Ontario MPP
- In office 1943–1945
- Preceded by: Goldwin Corlett Elgie
- Succeeded by: Goldwin Corlett Elgie
- In office 1948–1951
- Preceded by: Goldwin Corlett Elgie
- Succeeded by: Harold Fishleigh
- Constituency: Woodbine

Personal details
- Born: March 2, 1886 Owen Sound, Ontario
- Died: December 22, 1953 (aged 67) Toronto, Ontario
- Party: Co-operative Commonwealth Federation
- Occupation: Union leader, cabinetmaker

= Bert Leavens =

Canadian politician

Bertram Elijah Leavens (March 2, 1886 – December 22, 1953) was a politician in Ontario, Canada. He served as a CCF member of the Legislative Assembly of Ontario from 1943 to 1945 and 1948 to 1951. He represented the downtown Toronto riding of Woodbine.

==Background==
The son of John Wesley Leavens and Elizabeth Haycroft, he was born in Owen Sound, Ontario.

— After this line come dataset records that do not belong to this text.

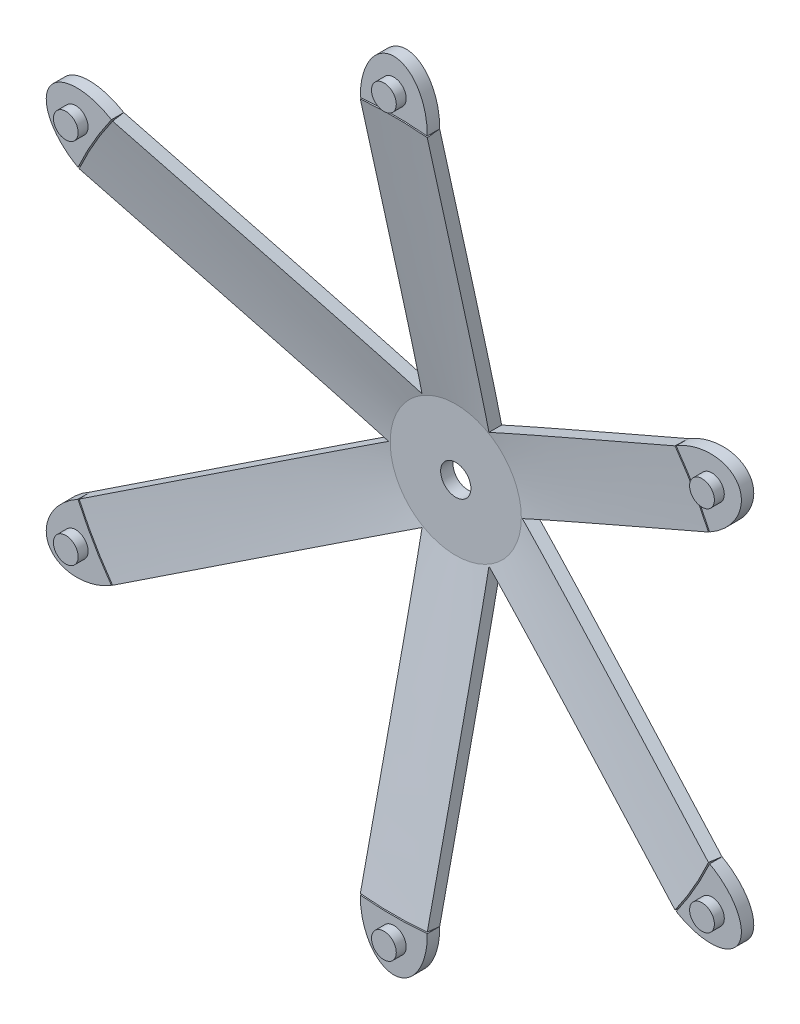
SolidWorks part; units mm, degrees
ref_plane "Front Plane" through (0, 0, 0) normal (0, 0, 1) x (1, 0, 0)
ref_plane "Top Plane" through (0, 0, 0) normal (0, 1, 0) x (1, 0, 0)
ref_plane "Right Plane" through (0, 0, 0) normal (1, 0, 0) x (0, 0, -1)
sketch "Sketch1" plane through (0, 0, 0) normal (0, 1, 0) x (1, 0, 0)
  line L0 (0, 47.8341) -> (0, -51.4495) construction
  line L1 (0, 0) -> (80, 0) construction
  line L4 (0, 15) -> (13.5, 15)
  line L5 (13.5, 15) -> (70, 2.5)
  line L6 (0, 12.5) -> (13.2268, 12.5)
  line L7 (13.2268, 12.5) -> (69.7268, 0)
  line L8 (13.2268, 12.5) -> (69.46, 0.059) construction
  line L10 (0, 12.5) -> (0, 15)
  line L11 (70, 2.5) -> (69.7268, 0)
  line L12 (0, 13.75) -> (70, 13.75) construction
  dimension "D1" = 2.5
  dimension "D2" = 70
  dimension "D4" = 13.5
  dimension "D5" = 15
  dimension "D6" = 2.5
revolve "Revolve1" add sketch "Sketch1" angle 360 about L10
hole_wizard "Ø6.1 (6.1) Diameter Hole1" positions "Sketch4" profile "Sketch5" hole size "Ø6.1" standard "ANSI Metric" end condition through all
sketch "Sketch4" plane through (0, 0, -15) normal (0, 0, -1) x (-1, 0, 0)
  point P0 (0, 0)
sketch "Sketch5" plane through (0, 0, -15) normal (1, 0, 0) x (0, 1, 0)
  line L0 (0, 0) -> (0, 15)
  line L1 (0, 15) -> (3.05, 15)
  line L2 (3.05, 15) -> (3.05, 0)
  line L5 (3.05, 0) -> (0, 0)
  line L11 (0, -6.35) -> (0, 107.95) construction
  dimension "Thru Hole Dia." = 6.1
  dimension "Thru Hole Depth" = 15
sketch "Sketch6" plane through (0, 0, 0) normal (0, 0, 1) x (1, 0, 0)
  line L0 (0, 13.5) -> (0, 70) construction
  line L1 (0, 0) -> (13.5, 0) construction
  line L2 (6.75, 11.6913) -> (6.75, 69.6738)
  line L14 (13.5, 0) -> (14.3089, 0) construction
  line L15 (13.5, 0) -> (63.7143, 28.9912)
  line L16 (-6.75, 11.6913) -> (-6.75, 69.6738)
  line L17 (6.75, 11.6913) -> (56.9643, 40.6826)
  line L18 (6.75, -11.6913) -> (56.9643, -40.6826)
  line L19 (13.5, 0) -> (63.7143, -28.9912)
  line L20 (-6.75, -11.6913) -> (-6.75, -69.6738)
  line L21 (6.75, -11.6913) -> (6.75, -69.6738)
  line L22 (-13.5, 0) -> (-63.7143, -28.9912)
  line L23 (-6.75, -11.6913) -> (-56.9643, -40.6826)
  line L24 (-6.75, 11.6913) -> (-56.9643, 40.6826)
  line L25 (-13.5, 0) -> (-63.7143, 28.9912)
  circle A1 centre (0, 0) radius 70 construction
  arc A2 (56.9643, 40.6826) -> (6.75, 69.6738) centre (0, 0) ccw
  arc A6 (63.7143, -28.9912) -> (69.6738, -6.75) centre (0, 0) ccw
  arc A7 (6.75, -69.6738) -> (56.9643, -40.6826) centre (0, 0) ccw
  arc A8 (-56.9643, -40.6826) -> (-6.75, -69.6738) centre (0, 0) ccw
  arc A9 (-6.75, 69.6738) -> (-56.9643, 40.6826) centre (0, 0) ccw
  arc A10 (-69.6738, -6.75) -> (-63.7143, -28.9912) centre (0, 0) ccw
  arc A11 (69.6738, -6.75) -> (63.7143, 28.9912) centre (0, 0) ccw
  circle A15 centre (0, 0) radius 13.5 construction
  arc A16 (-63.7143, 28.9912) -> (-69.6738, -6.75) centre (0, 0) ccw
  point P38 (0, 0)
  point P41 (0, 0)
  point P44 (0, 0)
  dimension "D2" = 6
  dimension "D1" = 6.75
extrude "Cut-Extrude6" cut sketch "Sketch6" against normal through all
sketch "Sketch7" plane through (0, 0, 0) normal (0, 0, 1) x (1, 0, 0)
  line L0 (0, 0) -> (0, 70) construction
  arc A0 (6.7466, 69.6741) -> (-6.7466, 69.6741) centre (0, 0) ccw
  arc A1 (63.7129, 28.9943) -> (56.9663, 40.6798) centre (0, 0) ccw
  arc A2 (56.9663, -40.6798) -> (63.7129, -28.9943) centre (0, 0) ccw
  arc A3 (-6.7466, -69.6741) -> (6.7466, -69.6741) centre (0, 0) ccw
  arc A4 (-63.7129, -28.9943) -> (-56.9663, -40.6798) centre (0, 0) ccw
  arc A5 (-56.9663, 40.6798) -> (-63.7129, 28.9943) centre (0, 0) ccw
  ellipse E0 centre (0, 70) end of major axis (0, 59.75) minor radius 6.75 (6.7466, 69.6741) -> (-6.7466, 69.6741) ccw
  ellipse E1 centre (60.6218, 35) end of major axis (51.745, 29.875) minor radius 6.75 (63.7129, 28.9943) -> (56.9663, 40.6798) ccw
  ellipse E2 centre (60.6218, -35) end of major axis (51.745, -29.875) minor radius 6.75 (56.9663, -40.6798) -> (63.7129, -28.9943) ccw
  ellipse E3 centre (0, -70) end of major axis (0, -59.75) minor radius 6.75 (-6.7466, -69.6741) -> (6.7466, -69.6741) ccw
  ellipse E4 centre (-60.6218, -35) end of major axis (-51.745, -29.875) minor radius 6.75 (-63.7129, -28.9943) -> (-56.9663, -40.6798) ccw
  ellipse E5 centre (-60.6218, 35) end of major axis (-51.745, 29.875) minor radius 6.75 (-56.9663, 40.6798) -> (-63.7129, 28.9943) ccw
  point P50 (0, 0)
  dimension "D1" = 140
  dimension "D2" = 20.5
  dimension "D3" = 13.5
extrude "Boss-Extrude1" add sketch "Sketch7" against normal blind 2.5 separate body
sketch "Sketch8" plane through (0, 0, 0) normal (0, 0, 1) x (1, 0, 0)
  line L0 (0, 0) -> (0, 74.0989) construction
  circle A0 centre (0, 0) radius 74.0989 construction
  circle A1 centre (0, 74.0989) radius 2.5
  circle A4 centre (0, 0) radius 70 construction
  circle A5 centre (64.1715, 37.0494) radius 2.5
  circle A6 centre (64.1715, -37.0494) radius 2.5
  circle A7 centre (0, -74.0989) radius 2.5
  circle A8 centre (-64.1715, -37.0494) radius 2.5
  circle A9 centre (-64.1715, 37.0494) radius 2.5
  point P18 (0, 0)
  dimension "D1" = 148.1978
  dimension "D2" = 5
  dimension "D3" = 140
  dimension "D4" = 6
extrude "Boss-Extrude2" add sketch "Sketch8" along normal blind 2

Bertram married Myrtle May Leavens (née Webb) on September 11, 1911, in Owen Sound, Ontario. They had 3 sons (William John (1912–1982), Bertram Elijah (1918-1918) and Charles Wesley (1920–1976)) and a daughter (Eva Lorraine (1914–1974)).

Leavens worked as a cabinetmaker. He was at one point a Sunday school superintendent, but he later became the most active leader and organizer of the Rationalist Society of Canada in the late 1920s and early 1930s, regularly delivering anti-religious lectures.

==Politics==
Leavens ran unsuccessfully for the Greenwood seat in the Canadian House of Commons in 1935 and 1940 as a CCF candidate, losing both times to Denton Massey.

In the 1943 provincial election, he ran as a CCF candidate in the downtown Toronto riding of Woodbine.